Some stores shutter their front doors and one café asked us if we wouldn’t
mind waiting until after prayer time to be served, but for the most part,
religion is transparent in Istanbul, completely unlike other Muslim cities I’ve
visited.
The weather during our stay was
typical spring weather – rainy, chilly, and a bit windy. We had one nice day out of the four we were
there, but no stupid rain shower is going to keep us from doing the tourist
thing. Not a chance. So after a typical Turkish breakfast at the slow
food restaurant next door to our hotel (note the awning), off we went.
There are five absolutely “must
see’s” in Istanbul. They are the Aya
Sofya mosque, the Blue Mosque, the Topkapi Palace, the Grand Bazaar and spice
market, and the Bosporus Strait. There
are, of course, lots of other “minor” sights – the Basilica Cistern, the
Beyazit Mosque, Ortakoy neighborhood, the Galata Tower, and Suleymaniye Mosque –
but if you have limited time or energy, the “must see’s” will quench your
thirst for something Istanbul-ish. We,
of course, being of unlimited energy, common sense, and an unquenchable thirst
for all things Istanbul-ish, saw all of these as well as the top
five. We started with the Bosporus
Strait neighborhood. The Bosporus Strait
(Bosphorus if you’re European; Bosporus is the Turkish pronunciation) bisects Istanbul
and separates the continents of Asia and Europe. It’s about 19 miles long and is one of the
heaviest traveled waterways in the world.

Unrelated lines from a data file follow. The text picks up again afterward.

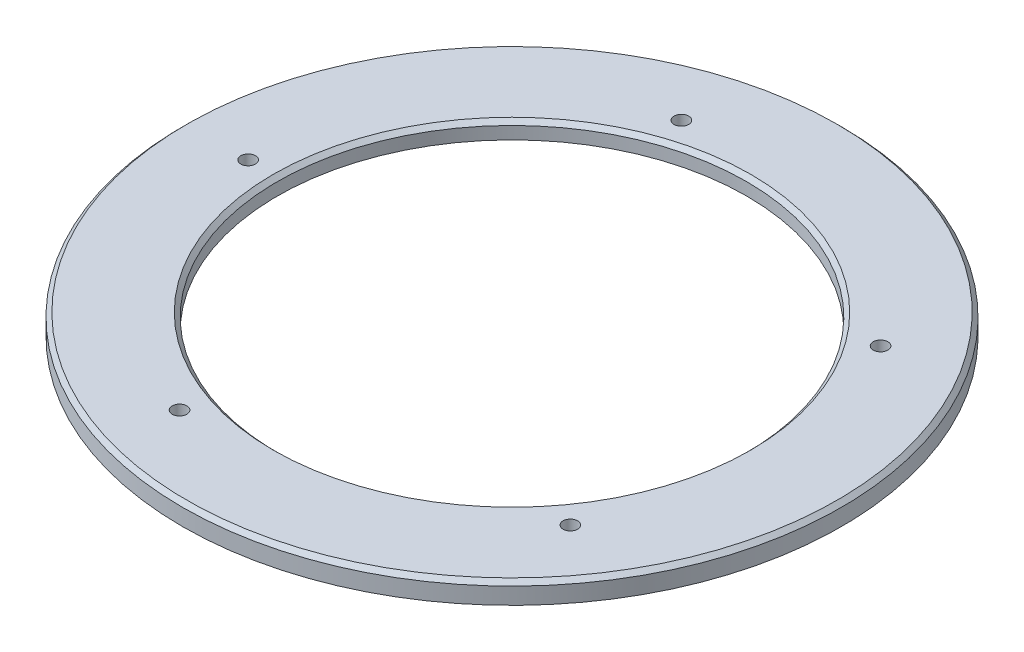
SolidWorks part; units mm, degrees
ref_plane "Front Plane" through (0, 0, 0) normal (0, 0, 1) x (1, 0, 0)
ref_plane "Top Plane" through (0, 0, 0) normal (0, 1, 0) x (1, 0, 0)
ref_plane "Right Plane" through (0, 0, 0) normal (1, 0, 0) x (0, 0, -1)
sketch "Sketch1" plane through (0, 0, 0) normal (0, 0, 1) x (1, 0, 0)
  line L0 (-70.25, 1) -> (-70.25, 0)
  line L1 (-70.25, 0) -> (-79, 0)
  line L2 (-79, 0) -> (-79, 5)
  line L3 (-79, 5) -> (-56.25, 5)
  line L4 (-56.25, 5) -> (-56.25, 1)
  line L5 (-56.25, 1) -> (-70.25, 1)
  line L6 (0, 0) -> (0, 4.4576) construction
  point P9 (0, 0)
  dimension "D1" = 1
  dimension "D2" = 158
  dimension "D3" = 140.5
  dimension "D4" = 14
  dimension "D5" = 4
revolve "Revolve1" add sketch "Sketch1" angle 360 about L6
sketch "Sketch2" plane through (0, 1, 0) normal (0, -1, 0) x (1, 0, 0)
  line L0 (-70.25, 0) -> (-56.25, 0) construction
  circle A0 centre (-63.25, 0) radius 1.7521
  circle A1 centre (0, 0) radius 70.25 construction
  circle A2 centre (0, 0) radius 56.25 construction
  circle A3 centre (-19.5453, 60.1543) radius 1.7521
  circle A4 centre (51.1703, 37.1774) radius 1.7521
  circle A5 centre (51.1703, -37.1774) radius 1.7521
  circle A6 centre (-19.5453, -60.1543) radius 1.7521
  point P9 (-63.25, 0)
  point P10 (0, 0)
  point P17 (0, 0)
  point P20 (0, 0)
  point P23 (0, 0)
  point P26 (0, 0)
  point P27 (0, 0)
  dimension "D1" = 3.5042
  dimension "D2" = 5
extrude "Cut-Extrude2" cut sketch "Sketch2" against normal through all
chamfer "Chamfer1" distance 1 angle 45 2 edges at (0, 5, -79) (0, 5, -56.25)

By walking over the Galata Bridge, a distance of maybe 400 meters, you
go from Asia to Europe and vice versa.
The bridge is a haven for fishermen, water and juice carts, and
shoeshine men. Thus began our first
adventure.
Dave decided to take advantage
of the “American only!!” offer of a shoeshine for 5 Turkish lira ($1 = 2.2 TL,
so 5 TL is roughly $2.25). The guy did a
nice job, tucked his shoeshine kit under his arm, smiled at Dave, and held out
his hand for the 5 lira. He must have
worked in a binoculars store for a while, because he sure saw Dave coming. Dave pulls out his cash and peels off bills
looking for a 5 TL bill. When he peels
off a 50 TL bill, the shoeshine guy, obviously related to Usain Bolt, snatched
the 50 lira bill from Dave’s hand and took off into the crowd, shoeshine kit under
his arm. We stood there; paralyzed with
astonishment for about 3 seconds before we took off after him, just long enough
to let him meld into the crowd (I did mention Istanbul has 14 million people,
right? Well, on this day, it seems every
one of that 14 million were between us and the shoeshine guy.). We thought of coming back the next day to
look for the guy, but decided to write off the 50 TL as tuition costs at the
School of Street Smarts. Probably the
best $23 Dave ever spent.
We wandered around the
neighborhood for a while and then after a refreshing cup of salgam (sour turnip juice with a
pickle), we headed to the Grand Bazaar and spice market.
The Grand Bazaar is just
that: grand and bizarre. The Grand Bazaar (GB for our purposes) began
in 1455 and is the heart of Istanbul. It
is huge, with 61 covered streets and over 3,000 shops which attract between
250,000 and 400,000 visitors daily. It’s
surprisingly easy to navigate, though; much easier than Tbilisi’s Dinamo Market
which is a rabbit’s warren of alleys and aisleways. Like products are bunched together – clothes on
this street, gold over there, silk down that way, etc. The only bad thing about the GB is the
aggressiveness of the shop owners. I
learned that the hard way when I noticed a leather jacket. I stopped to look at it and was immediately
accosted by the owner. Even though I said
I was just looking, he managed to convince me to come inside and try the jacket
on. It was a beautiful jacket, made of
Canadian bison, but the price was a bit extreme for me – 1500 TL or about
$700. I tried to leave the store, but
found my way blocked by the owner’s helper.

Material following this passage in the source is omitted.